Let $X$ be a Hilbert space and $A\subset X$ a closed subspace show that the orthognal projection $P:X\rightarrow A$ is linear.
Now I know that $x-P(x)\in A^{\perp}$. The lecture notes go on by saying that since
$x-P(x)\in A^{\perp}$, $\alpha x-\alpha P(x)\in A^{\perp}$ for $\alpha$ a scalar of the field. Since this is also the case for $\alpha x-P(\alpha x)$ they conclude that $\alpha P(x)=P(\alpha x)$. Now the last conclusion is what I don't quite understand.

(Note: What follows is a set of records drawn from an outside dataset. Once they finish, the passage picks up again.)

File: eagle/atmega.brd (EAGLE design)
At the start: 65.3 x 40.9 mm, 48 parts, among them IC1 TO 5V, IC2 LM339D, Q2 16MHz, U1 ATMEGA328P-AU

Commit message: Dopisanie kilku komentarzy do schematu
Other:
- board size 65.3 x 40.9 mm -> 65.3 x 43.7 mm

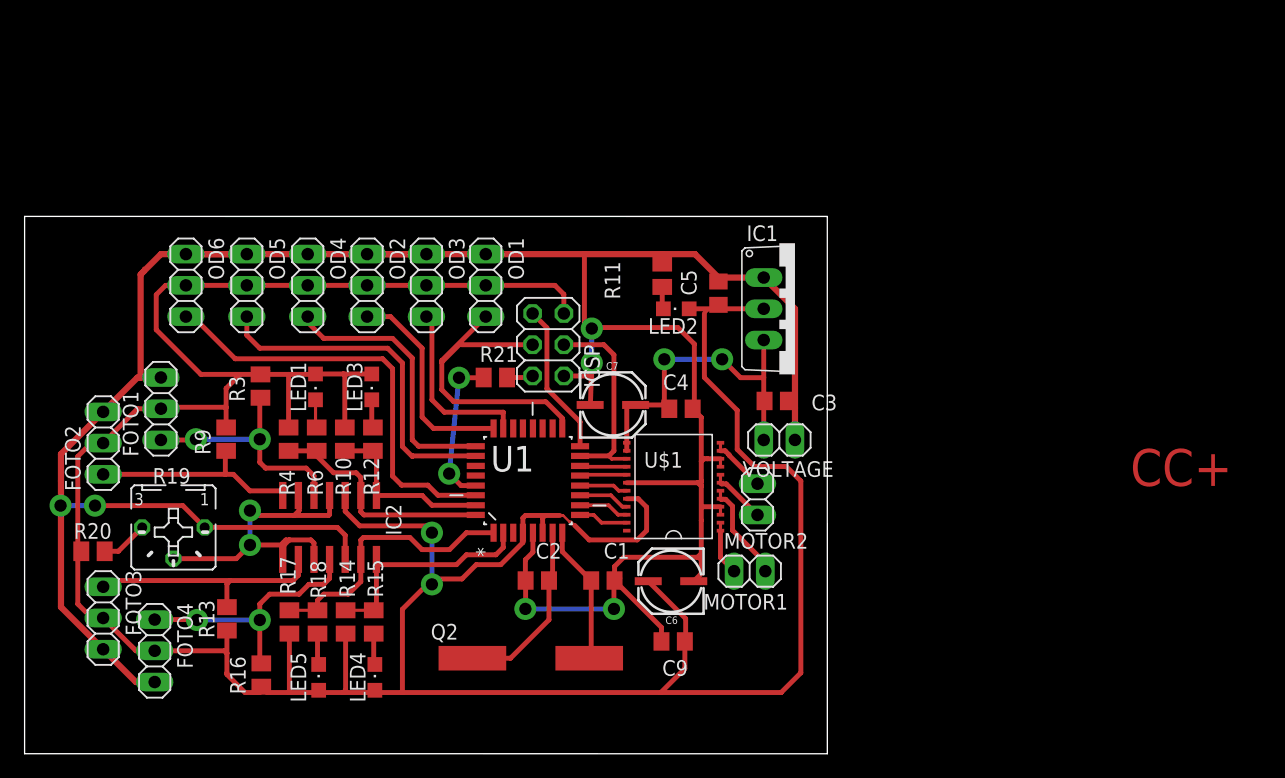
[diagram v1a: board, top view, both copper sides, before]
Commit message: usunięcie LEDów
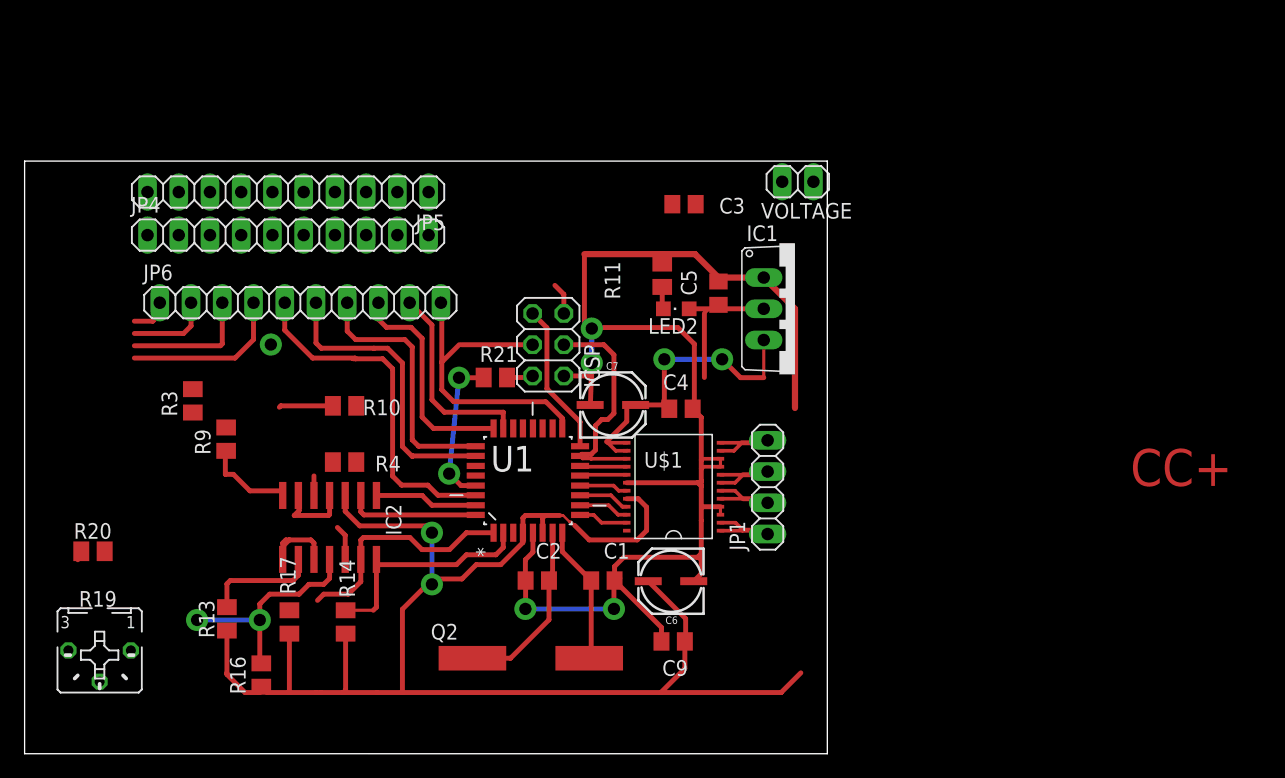
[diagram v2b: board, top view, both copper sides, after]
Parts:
- removed FOTO1, FOTO2, FOTO3, FOTO4, OD1, OD2, OD3, OD4, OD5, OD6: (no value), pinhead:1X03
- removed LED1, LED3, LED4, LED5: (no value), led:CHIPLED_0805
- removed MOTOR1, MOTOR2: (no value), pinhead:1X02
- removed R12, R15, R18, R6: 220R, resistor:M0805
- added JP1: (no value), pinhead:1X04
- added JP4, JP5, JP6: (no value), pinhead:1X10
- moved VOLTAGE 21.1 mm to (61.0, 42.3)
- moved C3 17.7 mm to (51.7, 40.5)
- moved R19 11.7 mm to (4.18, 4.23)
- moved R3 5.63 mm to (11.8, 24.5)
- moved R4 4.92 mm to (24.1, 19.5), turned to 180 degrees
- moved R10 2.71 mm to (24.1, 24.1), turned to 180 degrees
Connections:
- removed net N$2: LED3.C, R12.2
- removed net N$20: LED1.C, R6.2
- removed net N$21: LED4.C, R15.2
- removed net N$29: LED5.C, R18.2
- removed net OUTMA1: MOTOR1.2, U$1.1, U$1.2
- removed net OUTMA2: MOTOR1.1, U$1.5, U$1.6
- removed net OUTMB1: MOTOR2.1, U$1.11, U$1.12
- removed net OUTMB2: MOTOR2.2, U$1.7, U$1.8
- new net AO1: JP1.1, U$1.1, U$1.2
- new net AO2: JP1.2, U$1.5, U$1.6
- new net BO1: JP1.4, U$1.11, U$1.12
- new net BO2: JP1.3, U$1.7, U$1.8
- net CO1: now also JP6.10; no longer OD1.3
- net CO2: now also JP6.8; no longer OD2.3
- net CO3: now also JP6.9; no longer OD3.3
- net CO4: now also JP6.7; no longer OD4.3
- net CO5: now also JP6.6; no longer OD5.3
- net CO6: now also JP6.5; no longer OD6.3
- net GND: now also JP5.10; no longer FOTO1.3, FOTO2.3, FOTO3.3, FOTO4.3, OD1.1, OD2.1, OD3.1, OD4.1, OD5.1, OD6.1
- net KO1: no longer R6.1
- net KO2: no longer R12.1
- net KO3: no longer R15.1
- net KO4: no longer R18.1
- net KOM1: now also JP6.4; no longer FOTO1.1
- net KOM2: now also JP6.3; no longer FOTO2.1
- net KOM3: now also JP6.1; no longer FOTO3.1
- net KOM4: now also JP6.2; no longer FOTO4.1
- net VCC: now also JP4.10; no longer FOTO1.2, FOTO2.2, FOTO3.2, FOTO4.2, LED1.A, LED3.A, LED4.A, LED5.A, OD1.2, OD2.2, OD3.2, OD4.2, OD5.2, OD6.2
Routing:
- net VCC: track 306.5 -> 152.3 mm
- net GND: track 244.1 -> 126.6 mm, vias 6 -> 4
- net POT: track 28.8 -> 12.8 mm, vias 2 -> 0
- net VZ: track 37.6 -> 28.0 mm
- net KO1: track 19.3 -> 10.8 mm
- net OUTMA2: track 8.27 -> 0.00 mm
- net KOM3: track 20.9 -> 13.0 mm
- net BO1: track 0.00 -> 7.48 mm
- net BO2: track 0.00 -> 7.47 mm
- net AO1: track 0.00 -> 7.39 mm
- net AO2: track 0.00 -> 7.36 mm
- net CO6: track 34.7 -> 28.7 mm
- net KO2: track 14.4 -> 8.78 mm
- net KOM1: track 19.8 -> 14.9 mm, vias 2 -> 0
- net OUTMB1: track 4.80 -> 0.00 mm
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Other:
- board size 65.3 x 43.7 mm -> 65.3 x 48.2 mm

By the same logic they proved that $P(x+y)=P(x)+P(y)$ which therefore I didn't really understand neither.
Best Answer
$\alpha x-\alpha Px \in A^{\perp}$ and $\alpha x-P(\alpha x )\in A^{\perp}$ together imply that $P(\alpha x )-\alpha Px \in A^{\perp}$ because $P(\alpha x )-\alpha Px=[\alpha x-\alpha Px] -[\alpha x-P(\alpha x )]$. Hence $P(\alpha x )-\alpha Px \in A^{\perp}$ and $P(\alpha x )-\alpha Px \in A$, so $P(\alpha x )-\alpha Px =0$. Similar argument for $P(x+y)$.